For my beautiful sister, one day I want to see you walking side by side with
someone — that's not me, and you live happily with her forever! I always love
you, Sis! "

,Best Love

Your younger sister

I could only sob as I finished reading the diary — which, despite its diary name, I
only wrote about once every few years. Notes that I started 7 years ago. Moments
when the figure I called the older brother worked hard in front of the office
computer, racking his brain for each letter he typed. I know, writing is not at all
his choice. He did it for me, he did it because of me, once again he did this for my
sake. For the sake of all the ideals that I always wanted to realize. He does
everything just because he wants to make me believe that he can, I can, anyone
can be the greatest, even though the paths are not the same. Sometimes a person
must be someone else to be able to do the greatest. He chose it. He didn't hesitate
to be someone else just so I was great without having to be someone else.

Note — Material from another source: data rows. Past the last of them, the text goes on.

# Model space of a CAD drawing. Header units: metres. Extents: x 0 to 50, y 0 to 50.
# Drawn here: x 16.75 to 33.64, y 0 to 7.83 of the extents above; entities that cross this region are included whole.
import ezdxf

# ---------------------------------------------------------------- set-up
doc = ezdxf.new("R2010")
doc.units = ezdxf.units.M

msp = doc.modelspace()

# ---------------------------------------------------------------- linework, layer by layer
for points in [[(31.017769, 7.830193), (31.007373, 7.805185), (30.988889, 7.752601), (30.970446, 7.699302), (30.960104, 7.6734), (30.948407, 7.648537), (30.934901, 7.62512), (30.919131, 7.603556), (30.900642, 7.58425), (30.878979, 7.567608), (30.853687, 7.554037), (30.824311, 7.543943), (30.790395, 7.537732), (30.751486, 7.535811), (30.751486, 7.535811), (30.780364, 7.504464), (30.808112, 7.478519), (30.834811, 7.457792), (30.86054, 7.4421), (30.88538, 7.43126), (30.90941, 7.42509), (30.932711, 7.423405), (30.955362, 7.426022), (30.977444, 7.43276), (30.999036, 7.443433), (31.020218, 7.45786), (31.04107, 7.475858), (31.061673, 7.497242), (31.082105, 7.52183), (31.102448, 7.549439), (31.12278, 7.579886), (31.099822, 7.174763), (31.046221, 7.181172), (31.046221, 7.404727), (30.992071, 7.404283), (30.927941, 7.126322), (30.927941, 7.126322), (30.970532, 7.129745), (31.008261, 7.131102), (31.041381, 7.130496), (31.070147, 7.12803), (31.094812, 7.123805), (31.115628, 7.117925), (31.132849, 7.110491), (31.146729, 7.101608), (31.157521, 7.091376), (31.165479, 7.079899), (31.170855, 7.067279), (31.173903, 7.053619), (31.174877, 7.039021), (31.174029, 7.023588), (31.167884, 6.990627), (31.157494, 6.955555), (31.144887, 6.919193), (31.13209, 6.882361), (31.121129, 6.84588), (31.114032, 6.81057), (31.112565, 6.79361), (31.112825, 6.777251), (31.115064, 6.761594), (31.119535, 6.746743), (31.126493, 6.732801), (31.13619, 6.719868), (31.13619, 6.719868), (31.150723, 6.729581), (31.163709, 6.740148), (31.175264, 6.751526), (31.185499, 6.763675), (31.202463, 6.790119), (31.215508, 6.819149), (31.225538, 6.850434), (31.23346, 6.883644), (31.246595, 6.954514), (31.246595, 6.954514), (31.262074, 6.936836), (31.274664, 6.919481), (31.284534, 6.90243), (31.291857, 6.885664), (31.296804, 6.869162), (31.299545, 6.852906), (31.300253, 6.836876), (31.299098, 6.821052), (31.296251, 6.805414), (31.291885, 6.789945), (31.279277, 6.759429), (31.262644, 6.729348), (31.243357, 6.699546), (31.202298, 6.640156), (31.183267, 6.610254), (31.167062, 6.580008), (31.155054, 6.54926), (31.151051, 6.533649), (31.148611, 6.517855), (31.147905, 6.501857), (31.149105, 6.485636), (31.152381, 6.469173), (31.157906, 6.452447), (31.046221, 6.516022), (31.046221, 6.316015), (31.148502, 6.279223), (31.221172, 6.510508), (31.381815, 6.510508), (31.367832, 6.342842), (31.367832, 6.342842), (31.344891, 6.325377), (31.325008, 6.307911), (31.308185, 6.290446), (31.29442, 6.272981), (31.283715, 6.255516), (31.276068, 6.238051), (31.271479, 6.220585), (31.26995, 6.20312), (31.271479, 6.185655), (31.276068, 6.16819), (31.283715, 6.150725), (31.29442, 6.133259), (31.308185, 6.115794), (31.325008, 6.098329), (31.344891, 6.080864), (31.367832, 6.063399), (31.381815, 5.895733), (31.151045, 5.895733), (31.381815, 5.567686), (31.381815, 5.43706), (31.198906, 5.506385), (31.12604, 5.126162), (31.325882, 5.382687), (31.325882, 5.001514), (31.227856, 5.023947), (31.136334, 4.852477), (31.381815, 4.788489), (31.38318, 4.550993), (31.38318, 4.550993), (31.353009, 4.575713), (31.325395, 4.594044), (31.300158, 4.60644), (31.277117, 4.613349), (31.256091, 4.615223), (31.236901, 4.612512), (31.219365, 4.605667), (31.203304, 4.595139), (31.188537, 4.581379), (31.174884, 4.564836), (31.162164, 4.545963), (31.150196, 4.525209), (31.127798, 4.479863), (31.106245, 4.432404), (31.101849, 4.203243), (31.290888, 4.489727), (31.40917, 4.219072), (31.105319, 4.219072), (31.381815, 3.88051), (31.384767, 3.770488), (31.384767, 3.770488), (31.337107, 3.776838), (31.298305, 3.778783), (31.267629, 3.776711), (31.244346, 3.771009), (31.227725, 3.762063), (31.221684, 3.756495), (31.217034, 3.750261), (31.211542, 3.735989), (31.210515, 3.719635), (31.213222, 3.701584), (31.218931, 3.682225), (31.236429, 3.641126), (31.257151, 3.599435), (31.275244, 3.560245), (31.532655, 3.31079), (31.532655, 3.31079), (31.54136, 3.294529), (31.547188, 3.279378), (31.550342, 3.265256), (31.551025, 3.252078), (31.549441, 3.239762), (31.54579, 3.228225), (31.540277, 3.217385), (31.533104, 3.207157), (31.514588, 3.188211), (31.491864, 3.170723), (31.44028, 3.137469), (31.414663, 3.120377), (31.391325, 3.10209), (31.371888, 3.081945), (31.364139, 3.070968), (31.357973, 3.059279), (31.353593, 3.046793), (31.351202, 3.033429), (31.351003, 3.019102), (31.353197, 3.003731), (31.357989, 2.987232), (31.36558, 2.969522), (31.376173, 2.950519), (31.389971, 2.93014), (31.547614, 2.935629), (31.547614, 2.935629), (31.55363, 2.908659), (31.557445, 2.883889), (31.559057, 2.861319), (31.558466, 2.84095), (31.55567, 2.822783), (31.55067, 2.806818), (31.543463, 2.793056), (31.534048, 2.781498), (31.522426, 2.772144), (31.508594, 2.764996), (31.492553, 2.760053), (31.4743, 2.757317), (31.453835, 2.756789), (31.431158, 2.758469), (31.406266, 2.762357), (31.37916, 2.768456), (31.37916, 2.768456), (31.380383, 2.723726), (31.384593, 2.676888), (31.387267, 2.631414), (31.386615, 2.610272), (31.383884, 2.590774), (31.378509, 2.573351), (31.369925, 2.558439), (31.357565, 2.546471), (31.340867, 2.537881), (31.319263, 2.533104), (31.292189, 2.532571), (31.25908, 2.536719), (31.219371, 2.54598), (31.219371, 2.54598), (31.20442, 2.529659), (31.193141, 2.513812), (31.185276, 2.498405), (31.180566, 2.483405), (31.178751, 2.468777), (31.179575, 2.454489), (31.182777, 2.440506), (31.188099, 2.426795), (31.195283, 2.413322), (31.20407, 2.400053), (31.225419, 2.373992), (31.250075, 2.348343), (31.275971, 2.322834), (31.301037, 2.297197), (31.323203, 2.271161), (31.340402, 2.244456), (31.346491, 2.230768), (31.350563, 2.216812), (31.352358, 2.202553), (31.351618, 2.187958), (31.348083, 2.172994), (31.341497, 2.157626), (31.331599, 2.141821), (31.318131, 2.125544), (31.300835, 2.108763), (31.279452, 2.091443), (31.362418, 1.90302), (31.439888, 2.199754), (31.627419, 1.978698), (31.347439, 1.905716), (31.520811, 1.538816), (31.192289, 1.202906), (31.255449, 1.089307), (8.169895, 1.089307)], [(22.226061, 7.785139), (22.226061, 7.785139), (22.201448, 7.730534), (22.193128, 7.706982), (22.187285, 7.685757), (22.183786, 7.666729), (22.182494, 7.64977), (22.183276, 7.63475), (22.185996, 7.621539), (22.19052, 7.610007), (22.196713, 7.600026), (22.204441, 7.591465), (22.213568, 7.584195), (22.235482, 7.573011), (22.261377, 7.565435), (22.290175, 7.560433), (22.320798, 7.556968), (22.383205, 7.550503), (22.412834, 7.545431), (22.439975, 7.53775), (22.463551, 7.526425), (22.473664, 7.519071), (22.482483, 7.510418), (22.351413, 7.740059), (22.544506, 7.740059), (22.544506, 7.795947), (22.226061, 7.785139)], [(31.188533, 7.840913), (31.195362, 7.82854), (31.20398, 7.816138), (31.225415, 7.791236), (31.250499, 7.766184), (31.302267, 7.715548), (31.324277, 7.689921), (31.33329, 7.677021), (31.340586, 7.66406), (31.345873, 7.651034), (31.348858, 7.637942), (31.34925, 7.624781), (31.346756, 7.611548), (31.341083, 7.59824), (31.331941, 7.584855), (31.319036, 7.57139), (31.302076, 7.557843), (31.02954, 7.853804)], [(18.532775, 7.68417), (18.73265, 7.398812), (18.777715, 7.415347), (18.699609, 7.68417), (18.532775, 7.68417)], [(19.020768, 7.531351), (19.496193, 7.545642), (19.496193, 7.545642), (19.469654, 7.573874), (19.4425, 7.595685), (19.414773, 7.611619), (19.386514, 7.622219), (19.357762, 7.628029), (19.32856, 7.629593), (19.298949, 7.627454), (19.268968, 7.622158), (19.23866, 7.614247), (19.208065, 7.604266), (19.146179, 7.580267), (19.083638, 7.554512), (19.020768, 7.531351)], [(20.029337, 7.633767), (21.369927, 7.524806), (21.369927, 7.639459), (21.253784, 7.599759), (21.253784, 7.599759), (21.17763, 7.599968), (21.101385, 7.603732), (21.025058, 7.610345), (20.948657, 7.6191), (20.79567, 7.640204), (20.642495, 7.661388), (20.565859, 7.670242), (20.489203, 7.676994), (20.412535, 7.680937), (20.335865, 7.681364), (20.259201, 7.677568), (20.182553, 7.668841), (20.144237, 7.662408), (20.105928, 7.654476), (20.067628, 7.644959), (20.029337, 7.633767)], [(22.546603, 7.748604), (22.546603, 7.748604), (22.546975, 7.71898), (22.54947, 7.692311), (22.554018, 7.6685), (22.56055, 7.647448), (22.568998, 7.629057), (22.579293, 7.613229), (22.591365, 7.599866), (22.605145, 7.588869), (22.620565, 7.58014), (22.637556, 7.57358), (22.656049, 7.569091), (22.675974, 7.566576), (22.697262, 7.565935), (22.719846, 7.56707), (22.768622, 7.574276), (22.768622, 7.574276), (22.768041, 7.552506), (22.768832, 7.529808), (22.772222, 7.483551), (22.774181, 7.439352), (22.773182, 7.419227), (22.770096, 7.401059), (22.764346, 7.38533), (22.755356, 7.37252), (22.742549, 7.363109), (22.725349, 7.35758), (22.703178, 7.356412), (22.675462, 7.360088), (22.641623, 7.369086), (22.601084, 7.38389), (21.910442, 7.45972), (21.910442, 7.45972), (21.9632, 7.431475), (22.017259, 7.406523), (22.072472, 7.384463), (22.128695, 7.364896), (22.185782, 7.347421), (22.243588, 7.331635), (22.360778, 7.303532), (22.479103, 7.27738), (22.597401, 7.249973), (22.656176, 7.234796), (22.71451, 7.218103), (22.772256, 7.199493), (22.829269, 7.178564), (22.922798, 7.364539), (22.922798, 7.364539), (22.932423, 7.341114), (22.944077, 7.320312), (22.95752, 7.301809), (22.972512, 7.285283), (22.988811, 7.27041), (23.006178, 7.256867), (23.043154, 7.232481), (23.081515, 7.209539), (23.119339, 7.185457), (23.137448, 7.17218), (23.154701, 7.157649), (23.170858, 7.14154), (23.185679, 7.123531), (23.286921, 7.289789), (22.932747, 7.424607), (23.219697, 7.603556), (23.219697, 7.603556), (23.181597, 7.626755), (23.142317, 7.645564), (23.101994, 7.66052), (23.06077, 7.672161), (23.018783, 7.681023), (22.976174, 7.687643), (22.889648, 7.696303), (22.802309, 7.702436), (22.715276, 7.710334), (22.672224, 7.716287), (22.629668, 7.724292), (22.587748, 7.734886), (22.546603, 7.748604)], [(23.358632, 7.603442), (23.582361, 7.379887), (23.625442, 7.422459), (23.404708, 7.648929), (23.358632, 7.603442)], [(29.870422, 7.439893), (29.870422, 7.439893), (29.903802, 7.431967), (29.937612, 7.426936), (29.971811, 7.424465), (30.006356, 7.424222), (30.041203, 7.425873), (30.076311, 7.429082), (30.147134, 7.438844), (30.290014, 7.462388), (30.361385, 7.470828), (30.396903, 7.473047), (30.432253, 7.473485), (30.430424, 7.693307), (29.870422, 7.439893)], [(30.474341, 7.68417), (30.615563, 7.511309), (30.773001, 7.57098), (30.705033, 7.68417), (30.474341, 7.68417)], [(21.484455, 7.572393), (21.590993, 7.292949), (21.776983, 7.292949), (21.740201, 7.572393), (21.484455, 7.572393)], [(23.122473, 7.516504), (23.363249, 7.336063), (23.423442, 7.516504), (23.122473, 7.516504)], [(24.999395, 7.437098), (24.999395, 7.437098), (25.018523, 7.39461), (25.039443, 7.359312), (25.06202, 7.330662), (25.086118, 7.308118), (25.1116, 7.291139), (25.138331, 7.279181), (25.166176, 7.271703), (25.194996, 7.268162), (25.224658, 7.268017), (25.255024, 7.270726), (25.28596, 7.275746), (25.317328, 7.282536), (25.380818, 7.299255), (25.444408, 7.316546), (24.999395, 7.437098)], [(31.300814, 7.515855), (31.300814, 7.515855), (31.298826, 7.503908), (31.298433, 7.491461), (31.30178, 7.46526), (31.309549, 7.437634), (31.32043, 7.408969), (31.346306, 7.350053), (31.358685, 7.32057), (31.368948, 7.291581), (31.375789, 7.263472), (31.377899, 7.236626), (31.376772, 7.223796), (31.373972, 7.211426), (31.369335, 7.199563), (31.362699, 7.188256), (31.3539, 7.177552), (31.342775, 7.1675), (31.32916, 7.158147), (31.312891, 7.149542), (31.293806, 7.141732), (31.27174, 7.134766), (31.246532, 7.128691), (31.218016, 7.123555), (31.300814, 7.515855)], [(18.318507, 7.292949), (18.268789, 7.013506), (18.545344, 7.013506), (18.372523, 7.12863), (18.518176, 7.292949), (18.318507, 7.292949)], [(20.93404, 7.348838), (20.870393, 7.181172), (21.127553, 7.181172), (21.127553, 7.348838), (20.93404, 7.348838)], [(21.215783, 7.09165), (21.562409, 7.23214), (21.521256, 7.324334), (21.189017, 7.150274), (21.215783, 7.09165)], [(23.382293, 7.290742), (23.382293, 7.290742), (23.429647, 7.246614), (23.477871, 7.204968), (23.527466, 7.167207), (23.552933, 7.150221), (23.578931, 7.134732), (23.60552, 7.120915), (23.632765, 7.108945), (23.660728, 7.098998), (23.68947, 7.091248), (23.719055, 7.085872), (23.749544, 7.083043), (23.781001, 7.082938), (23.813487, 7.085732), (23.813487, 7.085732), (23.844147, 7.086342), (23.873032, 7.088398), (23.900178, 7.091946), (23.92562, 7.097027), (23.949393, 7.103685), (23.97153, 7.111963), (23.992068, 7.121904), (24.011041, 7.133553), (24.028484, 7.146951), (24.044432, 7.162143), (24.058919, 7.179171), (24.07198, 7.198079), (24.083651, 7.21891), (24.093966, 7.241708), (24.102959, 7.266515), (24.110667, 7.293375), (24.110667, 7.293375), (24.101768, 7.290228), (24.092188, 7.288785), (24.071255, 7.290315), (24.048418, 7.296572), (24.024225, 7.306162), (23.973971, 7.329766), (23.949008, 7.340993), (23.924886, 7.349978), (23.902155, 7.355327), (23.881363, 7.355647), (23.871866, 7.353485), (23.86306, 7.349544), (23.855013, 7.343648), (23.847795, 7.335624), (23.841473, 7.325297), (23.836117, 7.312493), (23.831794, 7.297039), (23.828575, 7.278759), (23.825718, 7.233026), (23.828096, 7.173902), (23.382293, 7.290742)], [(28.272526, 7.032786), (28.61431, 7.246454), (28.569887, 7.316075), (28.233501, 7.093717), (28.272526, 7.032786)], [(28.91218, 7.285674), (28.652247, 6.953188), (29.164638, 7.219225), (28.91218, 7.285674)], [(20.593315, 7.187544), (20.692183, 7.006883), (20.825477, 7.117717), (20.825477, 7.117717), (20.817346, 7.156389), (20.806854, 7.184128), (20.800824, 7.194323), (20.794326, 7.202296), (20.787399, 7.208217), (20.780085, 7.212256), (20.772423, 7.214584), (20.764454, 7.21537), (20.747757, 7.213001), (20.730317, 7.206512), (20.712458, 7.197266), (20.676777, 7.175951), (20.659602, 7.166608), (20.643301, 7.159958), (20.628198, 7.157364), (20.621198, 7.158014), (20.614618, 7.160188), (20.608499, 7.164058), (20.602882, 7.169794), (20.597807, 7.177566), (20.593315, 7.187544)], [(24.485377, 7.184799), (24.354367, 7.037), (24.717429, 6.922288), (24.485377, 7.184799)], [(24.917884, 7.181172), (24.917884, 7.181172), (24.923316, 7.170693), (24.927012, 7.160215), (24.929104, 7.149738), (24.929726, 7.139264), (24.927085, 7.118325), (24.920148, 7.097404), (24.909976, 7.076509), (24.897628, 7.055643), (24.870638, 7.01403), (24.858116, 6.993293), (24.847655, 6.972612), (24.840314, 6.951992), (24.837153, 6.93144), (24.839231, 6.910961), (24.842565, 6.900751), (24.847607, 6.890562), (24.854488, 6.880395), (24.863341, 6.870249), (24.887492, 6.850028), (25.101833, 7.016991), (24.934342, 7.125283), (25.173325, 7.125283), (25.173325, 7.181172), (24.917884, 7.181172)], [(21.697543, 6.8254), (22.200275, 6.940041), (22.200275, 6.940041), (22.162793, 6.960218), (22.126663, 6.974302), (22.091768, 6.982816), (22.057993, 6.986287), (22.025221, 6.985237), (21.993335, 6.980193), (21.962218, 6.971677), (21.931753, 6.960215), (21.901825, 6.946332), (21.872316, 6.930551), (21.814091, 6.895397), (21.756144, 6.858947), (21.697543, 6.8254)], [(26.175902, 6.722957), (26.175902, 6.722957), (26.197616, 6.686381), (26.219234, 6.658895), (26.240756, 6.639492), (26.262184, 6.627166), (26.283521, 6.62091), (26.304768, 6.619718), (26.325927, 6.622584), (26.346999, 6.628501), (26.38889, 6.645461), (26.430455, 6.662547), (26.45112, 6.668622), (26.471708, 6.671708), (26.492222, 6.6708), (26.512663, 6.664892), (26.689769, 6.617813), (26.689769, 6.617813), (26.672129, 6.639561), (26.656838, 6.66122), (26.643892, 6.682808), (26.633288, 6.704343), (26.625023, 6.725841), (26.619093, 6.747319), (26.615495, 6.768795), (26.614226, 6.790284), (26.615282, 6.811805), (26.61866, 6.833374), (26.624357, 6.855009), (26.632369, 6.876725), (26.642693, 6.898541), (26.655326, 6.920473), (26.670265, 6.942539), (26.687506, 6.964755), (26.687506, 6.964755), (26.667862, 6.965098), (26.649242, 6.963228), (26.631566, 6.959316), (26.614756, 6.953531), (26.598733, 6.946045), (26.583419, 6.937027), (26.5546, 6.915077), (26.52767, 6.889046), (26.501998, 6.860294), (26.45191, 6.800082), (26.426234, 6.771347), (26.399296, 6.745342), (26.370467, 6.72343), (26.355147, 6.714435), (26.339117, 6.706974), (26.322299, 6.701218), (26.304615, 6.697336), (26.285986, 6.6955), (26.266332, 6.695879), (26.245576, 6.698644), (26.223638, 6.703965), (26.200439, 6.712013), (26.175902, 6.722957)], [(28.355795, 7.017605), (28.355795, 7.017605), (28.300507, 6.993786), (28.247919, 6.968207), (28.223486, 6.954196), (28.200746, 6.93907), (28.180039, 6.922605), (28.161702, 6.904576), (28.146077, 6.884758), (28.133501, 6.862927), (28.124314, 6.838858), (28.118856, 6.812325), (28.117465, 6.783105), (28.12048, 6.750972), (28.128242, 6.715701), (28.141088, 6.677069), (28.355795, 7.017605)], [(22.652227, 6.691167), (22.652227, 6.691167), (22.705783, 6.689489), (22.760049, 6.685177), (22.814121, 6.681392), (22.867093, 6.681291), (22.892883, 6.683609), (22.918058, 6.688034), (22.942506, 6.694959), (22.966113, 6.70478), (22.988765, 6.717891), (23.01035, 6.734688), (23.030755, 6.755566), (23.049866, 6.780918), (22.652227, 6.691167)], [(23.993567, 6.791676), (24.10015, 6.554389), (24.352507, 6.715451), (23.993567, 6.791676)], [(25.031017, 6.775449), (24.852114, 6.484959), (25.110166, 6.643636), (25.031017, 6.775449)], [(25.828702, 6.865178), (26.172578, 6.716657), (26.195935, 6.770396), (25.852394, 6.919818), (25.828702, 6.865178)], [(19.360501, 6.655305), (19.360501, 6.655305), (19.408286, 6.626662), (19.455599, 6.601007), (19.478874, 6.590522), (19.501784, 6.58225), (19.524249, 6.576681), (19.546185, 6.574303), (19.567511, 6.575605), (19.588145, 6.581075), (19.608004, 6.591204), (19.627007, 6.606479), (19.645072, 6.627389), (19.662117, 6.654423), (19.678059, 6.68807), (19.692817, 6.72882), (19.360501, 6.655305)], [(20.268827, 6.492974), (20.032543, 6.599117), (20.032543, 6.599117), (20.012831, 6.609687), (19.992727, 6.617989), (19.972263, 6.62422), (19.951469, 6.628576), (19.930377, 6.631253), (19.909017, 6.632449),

God, tomorrow is my wedding day. Then, why didn't you wake up yet, God? Why
didn't you wake up as fast as before, before the call to prayer rose and he had
finished preparing everything for me? Why are you still silent here in this room?
In a room crowded with medicinal scents? I want him to prepare everything,
Lord. Decorations, wedding dresses, makeup, everything. But why, why is he still
silent and lying on that bed, Lord?
All right, I can't be angry or blame you, right? Because you didn't fulfill my last
request in the note. All right, but this time I will beg again, Lord. Tomorrow, I will
be very scared, will you strengthen me even if you don't wake me up for me?
Tomorrow, I will be very nervous, will you calm me down even if you don't wake
me up for me? Tomorrow, I will be a wife, will you replace me to look after
brother after that, Lord? Will you avenge everything he gave me? In fact, I
haven't had the chance to return his last smile when I left college. Will you tell
him, Lord, that: although his eyes are now closed, he will always live in my soul,
he is my hero, whose story will never die.